**ACTION ITEM:** Reproduce, exactly and in full, only the lines below from the one containing "ModeleNonLineaire/9(Vx) -> Asservissements/11(Vx), Mux/9" through the one containing "ModeleNonLineaire1/7(Px) -> Mux1/7".

=-=-=-=-=

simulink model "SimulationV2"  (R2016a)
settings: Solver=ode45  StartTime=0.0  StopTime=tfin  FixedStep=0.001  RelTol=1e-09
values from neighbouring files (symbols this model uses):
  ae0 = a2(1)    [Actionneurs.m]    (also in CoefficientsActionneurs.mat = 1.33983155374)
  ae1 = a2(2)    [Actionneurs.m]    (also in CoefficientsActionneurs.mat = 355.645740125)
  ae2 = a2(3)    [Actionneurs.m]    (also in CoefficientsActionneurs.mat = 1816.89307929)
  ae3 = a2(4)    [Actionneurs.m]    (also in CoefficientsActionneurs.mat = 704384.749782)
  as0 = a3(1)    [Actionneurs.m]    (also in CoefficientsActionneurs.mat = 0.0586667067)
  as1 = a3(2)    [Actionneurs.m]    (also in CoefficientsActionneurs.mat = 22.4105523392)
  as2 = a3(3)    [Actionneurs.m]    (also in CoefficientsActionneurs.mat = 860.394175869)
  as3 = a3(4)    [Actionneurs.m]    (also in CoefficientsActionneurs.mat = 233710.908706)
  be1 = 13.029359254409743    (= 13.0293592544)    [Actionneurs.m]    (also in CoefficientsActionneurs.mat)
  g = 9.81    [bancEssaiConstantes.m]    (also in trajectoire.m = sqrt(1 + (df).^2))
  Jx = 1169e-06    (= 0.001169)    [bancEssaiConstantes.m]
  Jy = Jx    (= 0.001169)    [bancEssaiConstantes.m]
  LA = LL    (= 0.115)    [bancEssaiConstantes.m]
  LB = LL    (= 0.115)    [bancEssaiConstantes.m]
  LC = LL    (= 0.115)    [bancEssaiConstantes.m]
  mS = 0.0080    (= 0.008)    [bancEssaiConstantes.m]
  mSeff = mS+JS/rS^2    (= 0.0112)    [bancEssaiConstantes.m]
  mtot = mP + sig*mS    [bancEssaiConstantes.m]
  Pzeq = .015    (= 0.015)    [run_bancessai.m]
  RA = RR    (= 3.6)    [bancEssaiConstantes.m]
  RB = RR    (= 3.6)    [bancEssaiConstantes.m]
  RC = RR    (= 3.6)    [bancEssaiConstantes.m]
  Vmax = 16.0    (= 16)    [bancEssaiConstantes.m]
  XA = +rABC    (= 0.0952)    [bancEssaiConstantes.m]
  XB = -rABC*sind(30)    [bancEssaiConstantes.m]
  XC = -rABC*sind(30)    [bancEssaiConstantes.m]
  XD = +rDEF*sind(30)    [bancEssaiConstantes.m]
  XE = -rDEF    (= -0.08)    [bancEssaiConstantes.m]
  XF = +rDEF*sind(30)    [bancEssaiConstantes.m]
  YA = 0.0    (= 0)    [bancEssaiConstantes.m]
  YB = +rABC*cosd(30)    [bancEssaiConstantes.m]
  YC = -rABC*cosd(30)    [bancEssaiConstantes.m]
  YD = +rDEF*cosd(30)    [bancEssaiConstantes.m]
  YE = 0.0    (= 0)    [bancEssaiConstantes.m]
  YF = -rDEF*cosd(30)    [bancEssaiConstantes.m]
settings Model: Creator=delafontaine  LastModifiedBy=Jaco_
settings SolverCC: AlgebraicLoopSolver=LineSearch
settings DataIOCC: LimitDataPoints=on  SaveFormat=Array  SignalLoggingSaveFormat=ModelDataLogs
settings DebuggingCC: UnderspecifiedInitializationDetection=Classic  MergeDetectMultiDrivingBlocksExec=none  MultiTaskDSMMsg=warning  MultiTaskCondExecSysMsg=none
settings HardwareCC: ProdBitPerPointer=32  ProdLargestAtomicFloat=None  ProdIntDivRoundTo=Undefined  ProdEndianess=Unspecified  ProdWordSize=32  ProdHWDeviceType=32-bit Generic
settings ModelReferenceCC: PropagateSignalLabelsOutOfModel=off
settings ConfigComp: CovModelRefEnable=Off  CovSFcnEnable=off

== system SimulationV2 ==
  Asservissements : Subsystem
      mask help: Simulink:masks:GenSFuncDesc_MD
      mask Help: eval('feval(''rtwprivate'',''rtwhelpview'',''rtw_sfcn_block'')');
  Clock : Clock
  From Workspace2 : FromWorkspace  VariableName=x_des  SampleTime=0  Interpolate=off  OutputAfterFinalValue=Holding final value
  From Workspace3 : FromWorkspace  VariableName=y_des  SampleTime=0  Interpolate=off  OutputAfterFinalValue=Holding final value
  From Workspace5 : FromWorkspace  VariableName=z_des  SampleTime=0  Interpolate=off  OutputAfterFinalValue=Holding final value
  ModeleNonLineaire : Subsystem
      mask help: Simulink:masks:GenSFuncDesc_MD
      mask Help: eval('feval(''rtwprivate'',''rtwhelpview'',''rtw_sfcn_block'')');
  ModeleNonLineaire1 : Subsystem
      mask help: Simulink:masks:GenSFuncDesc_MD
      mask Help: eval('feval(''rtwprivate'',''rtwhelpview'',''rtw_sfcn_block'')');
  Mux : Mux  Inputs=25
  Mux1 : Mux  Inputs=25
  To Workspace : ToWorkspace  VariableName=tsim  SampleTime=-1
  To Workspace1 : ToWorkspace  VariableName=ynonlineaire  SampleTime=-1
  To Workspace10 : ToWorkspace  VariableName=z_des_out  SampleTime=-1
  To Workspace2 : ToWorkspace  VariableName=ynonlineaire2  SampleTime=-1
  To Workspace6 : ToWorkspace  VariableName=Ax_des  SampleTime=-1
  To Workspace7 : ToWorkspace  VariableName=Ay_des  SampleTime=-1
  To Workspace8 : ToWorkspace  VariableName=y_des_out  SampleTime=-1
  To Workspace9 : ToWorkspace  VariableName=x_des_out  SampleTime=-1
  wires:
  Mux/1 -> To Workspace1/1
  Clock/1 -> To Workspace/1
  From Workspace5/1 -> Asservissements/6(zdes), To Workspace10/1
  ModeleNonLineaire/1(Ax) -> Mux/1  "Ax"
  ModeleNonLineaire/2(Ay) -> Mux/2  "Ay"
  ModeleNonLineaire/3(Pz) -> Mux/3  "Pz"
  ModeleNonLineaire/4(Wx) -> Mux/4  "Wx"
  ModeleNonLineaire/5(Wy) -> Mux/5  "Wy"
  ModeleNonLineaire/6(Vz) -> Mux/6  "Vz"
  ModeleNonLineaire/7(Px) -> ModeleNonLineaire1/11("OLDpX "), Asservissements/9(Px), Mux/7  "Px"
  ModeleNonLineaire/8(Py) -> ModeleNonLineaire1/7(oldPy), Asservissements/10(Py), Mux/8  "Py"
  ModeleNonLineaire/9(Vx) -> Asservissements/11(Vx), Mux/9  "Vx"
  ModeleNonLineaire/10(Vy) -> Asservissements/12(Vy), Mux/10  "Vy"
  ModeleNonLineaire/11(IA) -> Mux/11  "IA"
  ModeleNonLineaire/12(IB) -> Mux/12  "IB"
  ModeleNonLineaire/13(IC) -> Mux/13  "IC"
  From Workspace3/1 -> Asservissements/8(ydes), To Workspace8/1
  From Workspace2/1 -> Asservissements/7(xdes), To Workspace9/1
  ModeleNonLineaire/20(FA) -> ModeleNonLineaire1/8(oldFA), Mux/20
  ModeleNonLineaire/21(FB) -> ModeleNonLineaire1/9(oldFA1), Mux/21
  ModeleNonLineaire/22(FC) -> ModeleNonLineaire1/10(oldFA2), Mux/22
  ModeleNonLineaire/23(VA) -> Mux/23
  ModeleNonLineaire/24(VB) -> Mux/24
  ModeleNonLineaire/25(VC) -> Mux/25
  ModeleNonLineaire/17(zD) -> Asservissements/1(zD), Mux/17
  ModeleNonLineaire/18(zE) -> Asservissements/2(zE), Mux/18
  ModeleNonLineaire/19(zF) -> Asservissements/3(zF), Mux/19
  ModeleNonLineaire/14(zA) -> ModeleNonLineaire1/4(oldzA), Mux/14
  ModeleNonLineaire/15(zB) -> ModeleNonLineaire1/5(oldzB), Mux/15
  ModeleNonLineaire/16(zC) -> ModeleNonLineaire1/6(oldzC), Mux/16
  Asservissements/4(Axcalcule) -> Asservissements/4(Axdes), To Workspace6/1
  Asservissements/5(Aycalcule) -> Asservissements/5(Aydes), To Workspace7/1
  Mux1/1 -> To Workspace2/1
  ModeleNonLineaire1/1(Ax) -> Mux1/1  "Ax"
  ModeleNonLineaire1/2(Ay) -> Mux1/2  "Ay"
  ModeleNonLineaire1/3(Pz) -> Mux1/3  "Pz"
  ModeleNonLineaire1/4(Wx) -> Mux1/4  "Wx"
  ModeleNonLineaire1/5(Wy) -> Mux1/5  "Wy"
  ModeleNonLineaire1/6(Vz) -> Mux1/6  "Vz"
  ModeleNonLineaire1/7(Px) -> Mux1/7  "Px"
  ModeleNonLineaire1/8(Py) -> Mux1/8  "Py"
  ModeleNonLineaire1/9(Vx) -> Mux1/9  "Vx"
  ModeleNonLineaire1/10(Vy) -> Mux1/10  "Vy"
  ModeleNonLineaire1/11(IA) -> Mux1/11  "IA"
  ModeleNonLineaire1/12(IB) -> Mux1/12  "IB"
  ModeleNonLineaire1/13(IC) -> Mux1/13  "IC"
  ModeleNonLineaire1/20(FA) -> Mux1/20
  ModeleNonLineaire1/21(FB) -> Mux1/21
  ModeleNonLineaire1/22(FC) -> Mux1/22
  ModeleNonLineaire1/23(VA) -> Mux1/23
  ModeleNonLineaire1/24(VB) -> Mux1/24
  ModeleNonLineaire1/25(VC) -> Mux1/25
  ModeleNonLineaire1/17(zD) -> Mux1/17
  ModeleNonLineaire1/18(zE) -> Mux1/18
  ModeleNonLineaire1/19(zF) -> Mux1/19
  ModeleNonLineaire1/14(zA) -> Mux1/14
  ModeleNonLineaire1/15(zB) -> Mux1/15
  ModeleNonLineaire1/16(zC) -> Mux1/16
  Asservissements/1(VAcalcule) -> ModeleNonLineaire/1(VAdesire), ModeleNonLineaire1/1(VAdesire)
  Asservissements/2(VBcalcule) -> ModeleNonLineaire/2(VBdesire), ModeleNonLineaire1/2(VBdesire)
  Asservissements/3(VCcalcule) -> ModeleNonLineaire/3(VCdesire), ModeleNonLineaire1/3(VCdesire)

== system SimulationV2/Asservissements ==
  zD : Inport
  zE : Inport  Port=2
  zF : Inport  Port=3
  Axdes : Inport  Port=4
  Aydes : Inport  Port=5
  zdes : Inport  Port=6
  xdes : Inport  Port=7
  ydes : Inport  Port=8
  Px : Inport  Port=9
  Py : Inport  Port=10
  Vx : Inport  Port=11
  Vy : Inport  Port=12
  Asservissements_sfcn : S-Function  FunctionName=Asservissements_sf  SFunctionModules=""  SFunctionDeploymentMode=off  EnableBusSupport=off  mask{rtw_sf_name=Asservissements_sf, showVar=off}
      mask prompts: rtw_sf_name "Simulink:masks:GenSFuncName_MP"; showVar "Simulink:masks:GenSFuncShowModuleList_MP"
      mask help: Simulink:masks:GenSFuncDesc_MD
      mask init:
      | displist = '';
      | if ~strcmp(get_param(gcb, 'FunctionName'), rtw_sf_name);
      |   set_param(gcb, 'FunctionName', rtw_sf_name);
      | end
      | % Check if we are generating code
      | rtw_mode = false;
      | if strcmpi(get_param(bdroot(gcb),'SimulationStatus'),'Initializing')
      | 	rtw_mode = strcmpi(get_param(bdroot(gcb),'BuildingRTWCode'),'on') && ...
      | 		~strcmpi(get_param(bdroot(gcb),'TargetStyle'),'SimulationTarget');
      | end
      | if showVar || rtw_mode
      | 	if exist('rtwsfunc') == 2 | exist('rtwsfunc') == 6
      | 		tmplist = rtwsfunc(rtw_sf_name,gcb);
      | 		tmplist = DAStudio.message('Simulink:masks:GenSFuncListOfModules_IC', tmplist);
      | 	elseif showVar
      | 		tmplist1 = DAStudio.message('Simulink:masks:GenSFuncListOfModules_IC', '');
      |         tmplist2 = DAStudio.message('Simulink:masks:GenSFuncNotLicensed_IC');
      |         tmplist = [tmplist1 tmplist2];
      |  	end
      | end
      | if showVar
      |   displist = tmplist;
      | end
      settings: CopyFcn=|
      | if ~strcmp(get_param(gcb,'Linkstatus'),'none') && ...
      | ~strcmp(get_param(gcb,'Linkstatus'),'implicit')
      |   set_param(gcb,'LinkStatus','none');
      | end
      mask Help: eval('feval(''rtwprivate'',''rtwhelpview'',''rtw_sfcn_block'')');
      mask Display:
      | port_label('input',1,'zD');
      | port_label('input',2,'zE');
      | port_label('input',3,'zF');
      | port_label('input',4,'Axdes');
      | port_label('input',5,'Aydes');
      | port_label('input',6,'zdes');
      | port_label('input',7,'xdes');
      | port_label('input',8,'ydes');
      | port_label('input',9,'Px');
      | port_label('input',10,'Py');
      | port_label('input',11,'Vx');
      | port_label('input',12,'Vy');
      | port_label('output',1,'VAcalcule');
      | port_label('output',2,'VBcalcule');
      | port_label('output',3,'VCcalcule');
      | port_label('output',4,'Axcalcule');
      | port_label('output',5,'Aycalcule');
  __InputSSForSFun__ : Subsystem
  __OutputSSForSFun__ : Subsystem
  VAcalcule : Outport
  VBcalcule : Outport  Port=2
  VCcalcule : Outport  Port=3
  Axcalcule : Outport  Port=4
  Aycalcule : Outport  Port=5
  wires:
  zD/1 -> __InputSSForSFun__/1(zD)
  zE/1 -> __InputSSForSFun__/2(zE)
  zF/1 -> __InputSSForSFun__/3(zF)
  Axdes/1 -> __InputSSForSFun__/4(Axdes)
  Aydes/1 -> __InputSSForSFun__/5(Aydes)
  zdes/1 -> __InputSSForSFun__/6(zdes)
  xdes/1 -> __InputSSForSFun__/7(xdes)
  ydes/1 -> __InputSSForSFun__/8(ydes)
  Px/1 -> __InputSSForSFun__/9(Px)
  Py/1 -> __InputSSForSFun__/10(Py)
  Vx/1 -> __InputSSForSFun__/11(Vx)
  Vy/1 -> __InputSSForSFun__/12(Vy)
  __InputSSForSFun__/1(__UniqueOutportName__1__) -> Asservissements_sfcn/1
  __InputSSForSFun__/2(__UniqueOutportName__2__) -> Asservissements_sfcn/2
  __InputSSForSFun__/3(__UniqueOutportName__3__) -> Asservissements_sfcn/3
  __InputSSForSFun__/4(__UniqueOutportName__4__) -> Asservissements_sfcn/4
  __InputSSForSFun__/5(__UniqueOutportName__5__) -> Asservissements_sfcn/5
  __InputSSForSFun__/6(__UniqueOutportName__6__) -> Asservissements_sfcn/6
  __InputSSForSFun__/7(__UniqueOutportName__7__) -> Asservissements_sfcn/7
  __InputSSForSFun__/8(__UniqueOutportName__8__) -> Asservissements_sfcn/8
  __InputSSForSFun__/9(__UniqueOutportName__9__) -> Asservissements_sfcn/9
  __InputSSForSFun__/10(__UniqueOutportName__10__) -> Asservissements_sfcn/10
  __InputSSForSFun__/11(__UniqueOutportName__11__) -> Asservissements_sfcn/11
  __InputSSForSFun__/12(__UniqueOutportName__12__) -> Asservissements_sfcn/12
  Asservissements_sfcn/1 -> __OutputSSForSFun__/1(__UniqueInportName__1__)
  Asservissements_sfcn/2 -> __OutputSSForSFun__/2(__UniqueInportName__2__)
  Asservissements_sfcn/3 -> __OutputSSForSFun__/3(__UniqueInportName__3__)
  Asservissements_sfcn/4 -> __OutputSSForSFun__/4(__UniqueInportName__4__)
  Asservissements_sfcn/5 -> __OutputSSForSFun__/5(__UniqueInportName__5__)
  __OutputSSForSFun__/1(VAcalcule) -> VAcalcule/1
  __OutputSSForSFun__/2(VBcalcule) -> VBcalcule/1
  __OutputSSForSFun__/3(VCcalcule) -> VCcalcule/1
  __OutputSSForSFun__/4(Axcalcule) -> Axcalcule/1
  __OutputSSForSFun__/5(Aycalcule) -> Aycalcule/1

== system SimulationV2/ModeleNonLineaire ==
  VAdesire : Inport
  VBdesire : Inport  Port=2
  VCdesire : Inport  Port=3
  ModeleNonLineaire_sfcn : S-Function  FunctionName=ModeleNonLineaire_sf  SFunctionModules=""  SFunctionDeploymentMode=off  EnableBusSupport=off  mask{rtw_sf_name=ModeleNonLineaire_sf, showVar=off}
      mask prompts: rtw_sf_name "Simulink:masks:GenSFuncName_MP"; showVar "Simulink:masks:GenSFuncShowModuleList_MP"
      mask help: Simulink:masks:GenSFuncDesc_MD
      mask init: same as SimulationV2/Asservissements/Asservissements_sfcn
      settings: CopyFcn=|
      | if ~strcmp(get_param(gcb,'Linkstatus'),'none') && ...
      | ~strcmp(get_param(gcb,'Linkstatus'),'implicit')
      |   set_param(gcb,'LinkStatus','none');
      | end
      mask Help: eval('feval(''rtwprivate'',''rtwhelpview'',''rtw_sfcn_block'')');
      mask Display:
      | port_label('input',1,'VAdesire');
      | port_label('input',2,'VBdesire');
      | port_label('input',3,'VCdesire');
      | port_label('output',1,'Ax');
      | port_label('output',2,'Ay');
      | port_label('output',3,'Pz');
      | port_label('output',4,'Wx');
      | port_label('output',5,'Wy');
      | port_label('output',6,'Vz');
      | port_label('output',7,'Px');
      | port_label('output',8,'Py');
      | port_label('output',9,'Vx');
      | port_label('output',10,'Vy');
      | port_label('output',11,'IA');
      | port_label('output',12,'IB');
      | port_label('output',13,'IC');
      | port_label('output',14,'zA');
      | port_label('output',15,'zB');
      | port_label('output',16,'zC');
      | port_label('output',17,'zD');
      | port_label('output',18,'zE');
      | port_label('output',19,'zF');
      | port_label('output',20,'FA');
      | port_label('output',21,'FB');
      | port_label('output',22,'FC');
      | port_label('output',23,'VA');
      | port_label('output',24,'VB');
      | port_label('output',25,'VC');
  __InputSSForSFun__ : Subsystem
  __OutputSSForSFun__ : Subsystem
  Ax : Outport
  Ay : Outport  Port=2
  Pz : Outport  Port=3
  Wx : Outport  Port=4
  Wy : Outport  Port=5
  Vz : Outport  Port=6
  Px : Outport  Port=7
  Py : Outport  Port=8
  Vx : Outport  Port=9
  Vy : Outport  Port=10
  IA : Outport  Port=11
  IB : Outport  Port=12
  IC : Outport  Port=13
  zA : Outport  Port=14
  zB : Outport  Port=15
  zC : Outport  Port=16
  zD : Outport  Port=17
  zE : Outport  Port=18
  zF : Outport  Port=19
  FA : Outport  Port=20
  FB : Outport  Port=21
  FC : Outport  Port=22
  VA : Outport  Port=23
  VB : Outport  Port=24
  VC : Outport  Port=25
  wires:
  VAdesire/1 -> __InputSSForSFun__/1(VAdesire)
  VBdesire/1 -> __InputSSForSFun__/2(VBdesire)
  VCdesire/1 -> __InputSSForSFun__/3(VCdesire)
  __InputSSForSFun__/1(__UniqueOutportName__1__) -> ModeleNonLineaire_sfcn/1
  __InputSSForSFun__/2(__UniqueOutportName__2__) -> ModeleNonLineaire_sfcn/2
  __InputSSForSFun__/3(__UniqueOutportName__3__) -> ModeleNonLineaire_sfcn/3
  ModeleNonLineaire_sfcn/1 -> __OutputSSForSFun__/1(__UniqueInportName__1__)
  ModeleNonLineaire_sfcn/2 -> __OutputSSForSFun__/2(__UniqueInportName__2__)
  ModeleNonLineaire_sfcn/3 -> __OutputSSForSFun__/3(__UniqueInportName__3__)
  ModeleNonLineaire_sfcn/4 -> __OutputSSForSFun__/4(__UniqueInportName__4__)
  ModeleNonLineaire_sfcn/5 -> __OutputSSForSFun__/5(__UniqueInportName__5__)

=-=-=-=-=

**THE ANSWER:**
  ModeleNonLineaire/9(Vx) -> Asservissements/11(Vx), Mux/9  "Vx"
  ModeleNonLineaire/10(Vy) -> Asservissements/12(Vy), Mux/10  "Vy"
  ModeleNonLineaire/11(IA) -> Mux/11  "IA"
  ModeleNonLineaire/12(IB) -> Mux/12  "IB"
  ModeleNonLineaire/13(IC) -> Mux/13  "IC"
  From Workspace3/1 -> Asservissements/8(ydes), To Workspace8/1
  From Workspace2/1 -> Asservissements/7(xdes), To Workspace9/1
  ModeleNonLineaire/20(FA) -> ModeleNonLineaire1/8(oldFA), Mux/20
  ModeleNonLineaire/21(FB) -> ModeleNonLineaire1/9(oldFA1), Mux/21
  ModeleNonLineaire/22(FC) -> ModeleNonLineaire1/10(oldFA2), Mux/22
  ModeleNonLineaire/23(VA) -> Mux/23
  ModeleNonLineaire/24(VB) -> Mux/24
  ModeleNonLineaire/25(VC) -> Mux/25
  ModeleNonLineaire/17(zD) -> Asservissements/1(zD), Mux/17
  ModeleNonLineaire/18(zE) -> Asservissements/2(zE), Mux/18
  ModeleNonLineaire/19(zF) -> Asservissements/3(zF), Mux/19
  ModeleNonLineaire/14(zA) -> ModeleNonLineaire1/4(oldzA), Mux/14
  ModeleNonLineaire/15(zB) -> ModeleNonLineaire1/5(oldzB), Mux/15
  ModeleNonLineaire/16(zC) -> ModeleNonLineaire1/6(oldzC), Mux/16
  Asservissements/4(Axcalcule) -> Asservissements/4(Axdes), To Workspace6/1
  Asservissements/5(Aycalcule) -> Asservissements/5(Aydes), To Workspace7/1
  Mux1/1 -> To Workspace2/1
  ModeleNonLineaire1/1(Ax) -> Mux1/1  "Ax"
  ModeleNonLineaire1/2(Ay) -> Mux1/2  "Ay"
  ModeleNonLineaire1/3(Pz) -> Mux1/3  "Pz"
  ModeleNonLineaire1/4(Wx) -> Mux1/4  "Wx"
  ModeleNonLineaire1/5(Wy) -> Mux1/5  "Wy"
  ModeleNonLineaire1/6(Vz) -> Mux1/6  "Vz"
  ModeleNonLineaire1/7(Px) -> Mux1/7  "Px"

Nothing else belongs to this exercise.